Proseguendo verso est si arriva a una piccola radura lenominata “Valle dell’Orto”, a memoria della destinazione agricola a cui era destinata in passato. Salendo nuovamente verso il pianoro si attraversa poi una fitta macchia di erica arborea che riporta il visitatore nella zona coltivata. Il percorso entra in un bosco di pianura alternato a macchia mediterranea per scendere nella prima forra, dove una vegetazione lussureggiante lascia filtrare raggi di luce che mettono in risalto il monumentale “Ponte del Ponte”, imponente struttura etrusco-falisca che, occupando trasversalmente la gola del torrente, fungeva da acquedotto. Una scalinata fatta in legno e terra conduce lungo il costone tufaceo, dove si possono osservare numerose tombe rupestri risalenti a IV-III secolo a.C. Continuando l’escursione un pianoro abbastanza ampio e, in primavera, ricco di orchidee, offre la possibilità di osservare, nelle giornate più limpide, il Monte Soratte, cattedrale calcarea circondata da tufo. Rientrando nel fitto del bosco si arriva presso una sorgente d’acqua detta “del granchio”, utilizzata sin dal tempo degli Etruschi. Uscendo dal bosco, il sentiero, attraverso una piccola valle, conduce infine verso l’ingresso dell’Oasi.
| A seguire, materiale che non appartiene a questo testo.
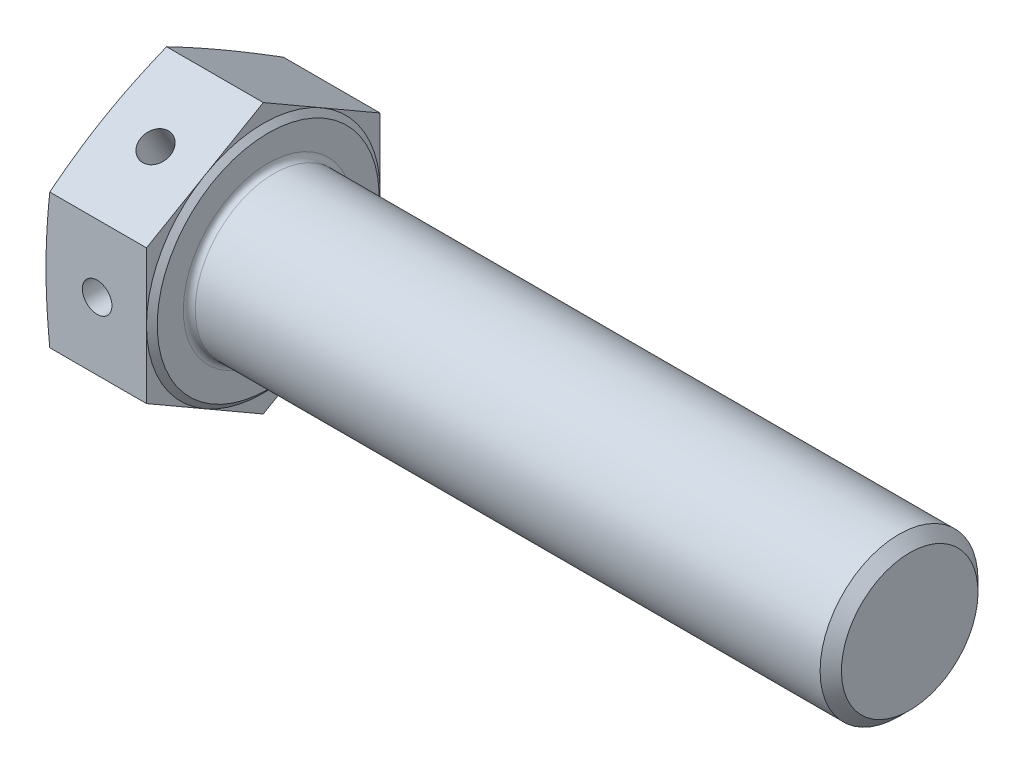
ISO-10303-21;
HEADER;
FILE_DESCRIPTION(('STEP AP214'),'2;1');
FILE_NAME('part.step','',(''),(''),'','','');
FILE_SCHEMA(('AUTOMOTIVE_DESIGN { 1 0 10303 214 1 1 1 1 }'));
ENDSEC;
DATA;
#1=APPLICATION_CONTEXT('core data for automotive mechanical design processes');
#2=APPLICATION_PROTOCOL_DEFINITION('international standard','automotive_design',2000,#1);
#3=PRODUCT_CONTEXT('',#1,'mechanical');
#4=PRODUCT('Part','Part','',(#3));
#5=PRODUCT_RELATED_PRODUCT_CATEGORY('part','',(#4));
#6=PRODUCT_DEFINITION_FORMATION('','',#4);
#7=PRODUCT_DEFINITION_CONTEXT('part definition',#1,'design');
#8=PRODUCT_DEFINITION('design','',#6,#7);
#9=PRODUCT_DEFINITION_SHAPE('','',#8);
#10=(LENGTH_UNIT() NAMED_UNIT(*) SI_UNIT(.MILLI.,.METRE.));
#11=(NAMED_UNIT(*) PLANE_ANGLE_UNIT() SI_UNIT($,.RADIAN.));
#12=(NAMED_UNIT(*) SI_UNIT($,.STERADIAN.) SOLID_ANGLE_UNIT());
#13=UNCERTAINTY_MEASURE_WITH_UNIT(LENGTH_MEASURE(1.E-05),#10,'distance_accuracy_value','');
#14=(GEOMETRIC_REPRESENTATION_CONTEXT(3) GLOBAL_UNCERTAINTY_ASSIGNED_CONTEXT((#13)) GLOBAL_UNIT_ASSIGNED_CONTEXT((#10,
#11,#12)) REPRESENTATION_CONTEXT('',''));
#15=CARTESIAN_POINT('',(0.,0.,0.));
#16=DIRECTION('',(0.,0.,1.));
#17=DIRECTION('',(1.,0.,0.));
#18=AXIS2_PLACEMENT_3D('',#15,#16,#17);
#19=CARTESIAN_POINT('',(5.18,0.,-11.835));
#20=DIRECTION('',(0.,0.,1.));
#21=DIRECTION('',(1.,0.,0.));
#22=AXIS2_PLACEMENT_3D('',#19,#20,#21);
#23=CYLINDRICAL_SURFACE('',#22,1.5);
#24=CARTESIAN_POINT('',(5.18,0.,11.835));
#25=DIRECTION('',(0.,0.,1.));
#26=DIRECTION('',(1.,0.,0.));
#27=AXIS2_PLACEMENT_3D('',#24,#25,#26);
#28=CIRCLE('',#27,1.5);
#29=CARTESIAN_POINT('',(6.68,0.,11.835));
#30=VERTEX_POINT('',#29);
#31=EDGE_CURVE('E584',#30,#30,#28,.T.);
#32=ORIENTED_EDGE('',*,*,#31,.T.);
#33=EDGE_LOOP('',(#32));
#34=FACE_BOUND('',#33,.T.);
#35=CARTESIAN_POINT('',(5.18,0.,0.));
#36=DIRECTION('',(0.,-0.866025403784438,0.500000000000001));
#37=DIRECTION('',(0.,0.500000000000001,0.866025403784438));
#38=AXIS2_PLACEMENT_3D('',#35,#36,#37);
#39=ELLIPSE('',#38,3.,1.5);
#40=CARTESIAN_POINT('',(3.68,0.,0.));
#41=VERTEX_POINT('',#40);
#42=CARTESIAN_POINT('',(6.68,0.,0.));
#43=VERTEX_POINT('',#42);
#44=EDGE_CURVE('E46',#41,#43,#39,.F.);
#45=ORIENTED_EDGE('',*,*,#44,.T.);
#46=CARTESIAN_POINT('',(5.18,0.,0.));
#47=DIRECTION('',(0.,0.500000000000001,0.866025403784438));
#48=DIRECTION('',(0.,-0.866025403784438,0.500000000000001));
#49=AXIS2_PLACEMENT_3D('',#46,#47,#48);
#50=ELLIPSE('',#49,1.73205080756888,1.5);
#51=EDGE_CURVE('E11',#43,#41,#50,.F.);
#52=ORIENTED_EDGE('',*,*,#51,.T.);
#53=EDGE_LOOP('',(#45,#52));
#54=FACE_BOUND('',#53,.T.);
#55=ADVANCED_FACE('F32',(#34,#54),#23,.F.);
#56=CARTESIAN_POINT('',(10.68,0.,0.));
#57=DIRECTION('',(-1.,0.,0.));
#58=DIRECTION('',(0.,-1.,0.));
#59=AXIS2_PLACEMENT_3D('',#56,#57,#58);
#60=PLANE('',#59);
#61=CARTESIAN_POINT('',(10.68,0.,0.));
#62=DIRECTION('',(-1.,0.,0.));
#63=DIRECTION('',(0.,-1.,0.));
#64=AXIS2_PLACEMENT_3D('',#61,#62,#63);
#65=CIRCLE('',#64,8.6);
#66=CARTESIAN_POINT('',(10.68,-8.6,0.));
#67=VERTEX_POINT('',#66);
#68=EDGE_CURVE('E137',#67,#67,#65,.T.);
#69=ORIENTED_EDGE('',*,*,#68,.T.);
#70=EDGE_LOOP('',(#69));
#71=FACE_BOUND('',#70,.T.);
#72=CARTESIAN_POINT('',(10.68,0.,0.));
#73=DIRECTION('',(-1.,0.,0.));
#74=DIRECTION('',(0.,-1.,0.));
#75=AXIS2_PLACEMENT_3D('',#72,#73,#74);
#76=CIRCLE('',#75,11.245);
#77=CARTESIAN_POINT('',(10.68,-11.245,0.));
#78=VERTEX_POINT('',#77);
#79=EDGE_CURVE('E284',#78,#78,#76,.T.);
#80=ORIENTED_EDGE('',*,*,#79,.F.);
#81=EDGE_LOOP('',(#80));
#82=FACE_BOUND('',#81,.T.);
#83=ADVANCED_FACE('F239',(#71,#82),#60,.F.);
#84=CARTESIAN_POINT('',(10.18,-20.4988213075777,-11.835));
#85=DIRECTION('',(1.,0.,0.));
#86=DIRECTION('',(0.,0.,-1.));
#87=AXIS2_PLACEMENT_3D('',#84,#85,#86);
#88=PLANE('',#87);
#89=DIRECTION('',(0.,-0.5,-0.866025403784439));
#90=VECTOR('',#89,1.);
#91=CARTESIAN_POINT('',(10.18,-6.83294043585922,11.835));
#92=LINE('',#91,#90);
#93=CARTESIAN_POINT('',(10.18,-6.83294043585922,11.835));
#94=VERTEX_POINT('',#93);
#95=CARTESIAN_POINT('',(10.18,-10.2494106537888,5.9175));
#96=VERTEX_POINT('',#95);
#97=EDGE_CURVE('E197',#94,#96,#92,.T.);
#98=ORIENTED_EDGE('',*,*,#97,.T.);
#99=CARTESIAN_POINT('',(10.18,0.,0.));
#100=DIRECTION('',(-1.,0.,0.));
#101=DIRECTION('',(0.,-1.,0.));
#102=AXIS2_PLACEMENT_3D('',#99,#100,#101);
#103=CIRCLE('',#102,11.835);
#104=CARTESIAN_POINT('',(10.18,0.,11.835));
#105=VERTEX_POINT('',#104);
#106=EDGE_CURVE('E54',#96,#105,#103,.T.);
#107=ORIENTED_EDGE('',*,*,#106,.T.);
#108=DIRECTION('',(0.,-1.,0.));
#109=VECTOR('',#108,1.);
#110=CARTESIAN_POINT('',(10.18,6.83294043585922,11.835));
#111=LINE('',#110,#109);
#112=EDGE_CURVE('E180',#105,#94,#111,.T.);
#113=ORIENTED_EDGE('',*,*,#112,.T.);
#114=EDGE_LOOP('',(#98,#107,#113));
#115=FACE_BOUND('',#114,.T.);
#116=ADVANCED_FACE('F245',(#115),#88,.T.);
#117=CARTESIAN_POINT('',(10.18,6.83294043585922,11.835));
#118=VERTEX_POINT('',#117);
#119=EDGE_CURVE('E177',#118,#105,#111,.T.);
#120=ORIENTED_EDGE('',*,*,#119,.T.);
#121=CARTESIAN_POINT('',(10.18,10.2494106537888,5.9175));
#122=VERTEX_POINT('',#121);
#123=EDGE_CURVE('E153',#105,#122,#103,.T.);
#124=ORIENTED_EDGE('',*,*,#123,.T.);
#125=DIRECTION('',(0.,-0.5,0.866025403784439));
#126=VECTOR('',#125,1.);
#127=CARTESIAN_POINT('',(10.18,13.6658808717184,0.));
#128=LINE('',#127,#126);
#129=EDGE_CURVE('E184',#122,#118,#128,.T.);
#130=ORIENTED_EDGE('',*,*,#129,.T.);
#131=EDGE_LOOP('',(#120,#124,#130));
#132=FACE_BOUND('',#131,.T.);
#133=ADVANCED_FACE('F341',(#132),#88,.T.);
#134=CARTESIAN_POINT('',(10.18,13.6658808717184,0.));
#135=VERTEX_POINT('',#134);
#136=EDGE_CURVE('E181',#135,#122,#128,.T.);
#137=ORIENTED_EDGE('',*,*,#136,.T.);
#138=CARTESIAN_POINT('',(10.18,10.2494106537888,-5.9175));
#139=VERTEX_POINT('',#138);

Al fine di rendere più agevole l’accessibilità all’area è stato realizzato un piccolo parcheggio all’ingresso del Monumento Naturale e sono presenti alcune aree di sosta con panche e tavoli realizzati con legno di origine certificata FSC, un marchio che garantisce la gestione sostenibile delle foreste. L’area è inoltre dotata di un’aula didattica all’aperto per realizzare laboratori con le scuole in visita. Presso la zona accoglienza è stata realizzata una mostra che illustra le principali caratteristiche del luogo.

Sono presenti servizi igienici.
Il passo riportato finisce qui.